Ginastera - String Quartet #3
Schoenberg - String Quartet #2 ; Pierrot Lunaire (a seminal work in the field) ; Brettl-lieder (Cabaret Songs - most only with piano accompaniment, but a couple have trumpet & percussion added) ; Herzegawische (Heart's Foliage) ; Ode to Napoleon
Chausson - Chanson perpétuelle
Ravel - Chansons Medecasses; Trois poemes de Stephane Mallarme
Delage - 4 Poemes Hindous (the above three on THIS disc with Janet Baker singing)
Villa-Lobos - Bachianas Brasileiras #5 for soprano & 8 cellos
Maxwell-Davies - 8 Songs for a Mad King
Birtwistle - Songs by Myself for soprano & chamber group
Shostakovich - 7 poems of Alexandr Blok for soprano & piano trio

Pieces with narration in chamber setting -
Walton - FAcade
Stravinsky - The Soldier's Tale
Debussy - Chansons Bilitis

Is that the kind of things you're looking for?


----------



## rborganist

Back in the late 1960's or early 1970's Beverly Sills made a recording with the Chamber Music Society of Lincoln Center (see if you can find it). It included Schubert's The Shepherd on the Rock and Mozart's Variations on A vous dire je maman. The Schubert has a lovely part for clarinet, but I don't remember whether there were other instruments other than piano and clarinet, and I don't remember the instrumentation on the Mozart. Try Amazon or your local library


----------



## PetrB

Schubert ~ Der Hirt auf dem Felsen was composed as a concert piece for Soprano, clarinet and piano. It is a masterpiece well worth looking into.

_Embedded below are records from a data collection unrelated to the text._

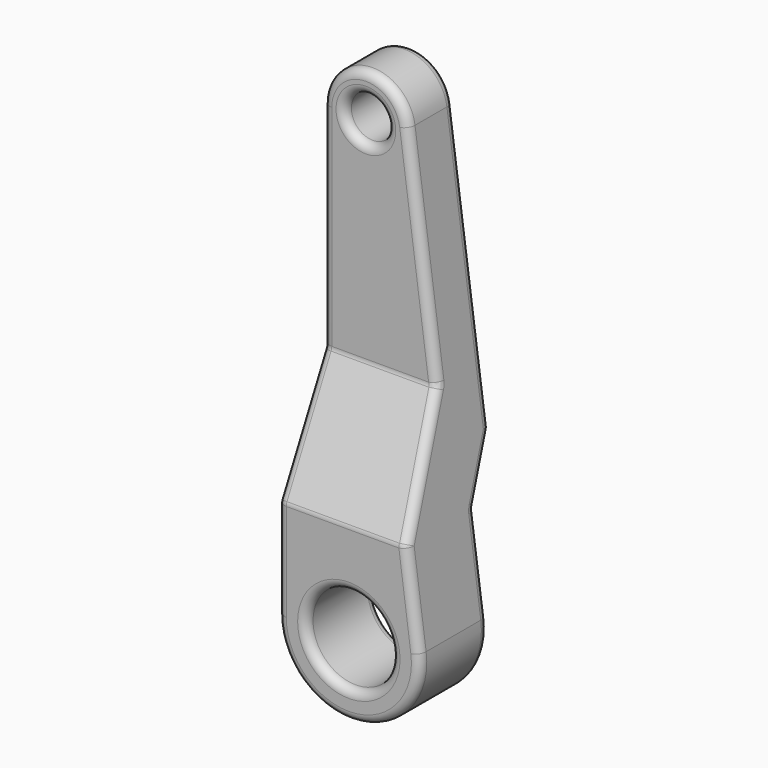
from build123d import *

# Parameters (mm, degrees)
F1_DEPTH = 40
F2_W     = 20
F2_H     = 15.9666295471
F2_W_2   = 10
F2_H_2   = 25.9443825785
F3_DEPTH = 50.001
F4_R     = 7.5
F4_R_2   = 15
F5_DEPTH = 40.001
F6_T     = -8
F8_DEPTH = 14
F9_R     = 3


with BuildPart() as f1:
    # F0 (on Front) → F1 (new body)
    with BuildSketch(Plane.XZ):
        with BuildLine():
            Line((-25, 149.666295471), (-25, 0))
            ThreePointArc((-25, 0), (1.6666666667, -24.9443825785), (24.7777777778, 3.3259176771))
            Line((24.7777777778, 3.3259176771), (4.8666666667, 151.6618460772))
            ThreePointArc((4.8666666667, 151.6618460772), (-11, 164.6329250181), (-25, 149.666295471))
        make_face()
    extrude(amount=F1_DEPTH)

    # F2 (on face) → F3 (cut, through all)
    with BuildSketch(Plane(origin=(-25, 0, 0), x_dir=(0, -1, 0), z_dir=(-1, 0, 0))):
        Polygon((40, 149.666295471), (20, 149.666295471), (20, 75), (40, 35), align=None)
        with Locations((30, 157.6496102445)):
            Rectangle(F2_W, F2_H)
        Polygon((0, 55), (0, 0), (10, 0), (10, 35), align=None)
        with Locations((5, -12.9721912892)):
            Rectangle(F2_W_2, F2_H_2)
    extrude(amount=-F3_DEPTH, mode=Mode.SUBTRACT)

    # F4 (on face) → F5 (cut, through all)
    with BuildSketch(Plane(origin=(0, 0, 0), x_dir=(-1, 0, 0), z_dir=(0, 1, 0))):
        with Locations((10, 149.666295471)):
            Circle(F4_R)
        Circle(F4_R_2)
    extrude(amount=-F5_DEPTH, mode=Mode.SUBTRACT)

    # F6
    f6_openings = [f1.faces().sort_by_distance(p)[0] for p in [
        (-6.738157, 0, 102.644086),
        (-2.901268, -5.050633, 44.898734),
        (-24.218975, -10, 17.5),
    ]]
    offset(amount=F6_T, openings=f6_openings)

    # F7 (on face) → F8 (join, through all)
    with BuildSketch(Plane(origin=(0, 0, 0), x_dir=(-1, 0, 0), z_dir=(0, 1, 0))):
        Polygon((17, 77.11145618), (-6.8018062916, 77.11145618), (-7.8756451829, 69.11145618), (17, 69.11145618), align=None)
    extrude(amount=-F8_DEPTH)

    # F9
    f9_edges = [f1.edges().sort_by_distance(p)[0] for p in [
        (-21, 0, 55),
        (-25, -5, 45),
        (-21, -10, 35),
        (-17, -5, 45),
        (16.490296, -10, 35),
        (19.183871, -5, 45),
        (13.805698, 0, 55),
        (11.112123, -5, 45),
        (-17, -23, 51.111456),
        (-2.14604, -32, 33.111456),
        (10.291783, -23, 51.111456),
        (-4.562177, -14, 69.111456),
        (-17, 0, 62.055728),
        (-17, -10, 25.245967),
        (-17, -21, 15.491933),
        (-17, -32, 24.301695),
        (-17, -7, 69.111456),
        (13.621157, -10, 26.307926),
        (8.822735, 0, 62.055728),
        (7.875645, -7, 69.111456),
        (13.747907, -32, 25.363654),
        (14.787893, -21, 17.615851),
        (-25, -10, 17.5),
        (1.666667, -10, -24.944383),
        (22.651974, -10, 19.162959),
        (-1.533333, -10, 22.948832),
        (15, -10, 0),
        (-25, -30, 55),
        (-2.236915, -40, 35),
        (17.841573, -30, 55),
        (-4.921512, -20, 75),
        (-25, -40, 17.5),
        (22.651974, -40, 19.162959),
        (1.666667, -40, -24.944383),
        (15, -40, 0),
        (2.789695, 0, 107.00131),
        (-1.222415, -6, 136.891163),
        (2.789695, -12, 107.00131),
        (6.801806, -6, 77.111456),
        (-25, -20, 112.333148),
        (-11, -20, 164.632925),
        (10.011821, -20, 113.330923),
        (-2.5, -20, 149.666295),
        (-2.5, 0, 149.666295),
        (-17.5, -10, 149.666295),
        (-5.099097, -12, 77.111456),
        (-8.966667, -12, 134.200778),
        (-17, -12, 106.474217),
        (-8.966667, 0, 134.200778),
        (-17, -6, 135.836979),
        (-5.099097, 0, 77.111456),
        (11.35412, 0, 103.330923),
        (4.866667, -10, 151.661846),
        (24.777778, -25, 3.325918),
        (-25, 0, 102.333148),
        (-4.562177, 0, 69.111456),
        (-11, 0, 164.632925),
        (-17, -6, 77.111456),
        (-17, 0, 106.474217),
    ]]
    fillet(f9_edges, radius=F9_R)


solid = f1.part

Brahms ~ Brahms：Gesänge für Frauenchor, 2 Hörner und Harfe, op17 (four songs; female chorus / 2 horns, harp.
These are quite wonderful.









Samuel Barber ~ Dover Beach, for Baritone and String Quartet





Darius Milhaud ~ Chamber Symphony No. 6 (Petit Symphonie de chambre) Op. 79, a lovely brief work for
Tenor, Soprano, Contralto, Bass; Oboe and 'Cello





Milhaud's "Trois Opéras-minutes" are of a similar disposition: 
L'enlèvement d'Europe, Op.94 (1927); 1 act, 8 scenes




L'abandon d'Ariane, Op.98 (1927); 1 act, 5 scenes




Le délivrance de Thésée, Op.99; 1 act, 6 scenes




(Libretti by Henri Hoppenot)
Stravinsky ~ Cantata (a few more in numbers than the above) 
soprano, tenor, female choir; two flutes, oboe, cor anglais (doubles as second oboe), 'cello
This is a substantial (and lovely) work, and would fill on large portion of a program.


----------



## Head_case

> So as I mentioned in an earlier post I've looking for chamber music featuring the voice all evening for a recital I want to put together. And I keep on stumbling on the designation "chamber music" as it relates to *string quartets*/quintets, piano trios, you name it.


Absolutely...! In that order too. String quartet hegemony on this subforum is the Darwinian order :lol:

Here's some less beaten track recommendations to try (not to say you will instantly love them - for example, the Wolpe is rather challenging for me):

Ray Schafer's Beauty & The Beast, and String Quartet no. IV










Augustyn: string quartet & voice [Dedication]










Stefan Wolpe - Cantata for Voice & Instruments:










Andrzej Krzanowski: 6th programme for soprano & string quartet;

Wojciech Widłak: Sottovoce 5 Songs for mezzosoprano and String Quartet


----------



## Quartetfore

Add to the list, Il tramonto poem for Mezzo and String Quartet by Respighi.


----------



## Novelette

Sid James said:


> Some chamber pieces do have vocalist as part of it, here are some I can think of -
> 
> Ginastera - String Quartet #3
> Schoenberg - String Quartet #2 ; Pierrot Lunaire (a seminal work in the field) ; Brettl-lieder (Cabaret Songs - most only with piano accompaniment, but a couple have trumpet & percussion added) ; Herzegawische (Heart's Foliage) ; Ode to Napoleon
> Chausson - Chanson perpétuelle
> Ravel - Chansons Medecasses; Trois poemes de Stephane Mallarme
> Delage - 4 Poemes Hindous (the above three on THIS disc with Janet Baker singing)
> Villa-Lobos - Bachianas Brasileiras #5 for soprano & 8 cellos
> Maxwell-Davies - 8 Songs for a Mad King
> Birtwistle - Songs by Myself for soprano & chamber group
> Shostakovich - 7 poems of Alexandr Blok for soprano & piano trio
> 
> Pieces with narration in chamber setting -
> Walton - FAcade
> Stravinsky - The Soldier's Tale
> Debussy - Chansons Bilitis
> 
> Is that the kind of things you're looking for?


Wow! Great list!


----------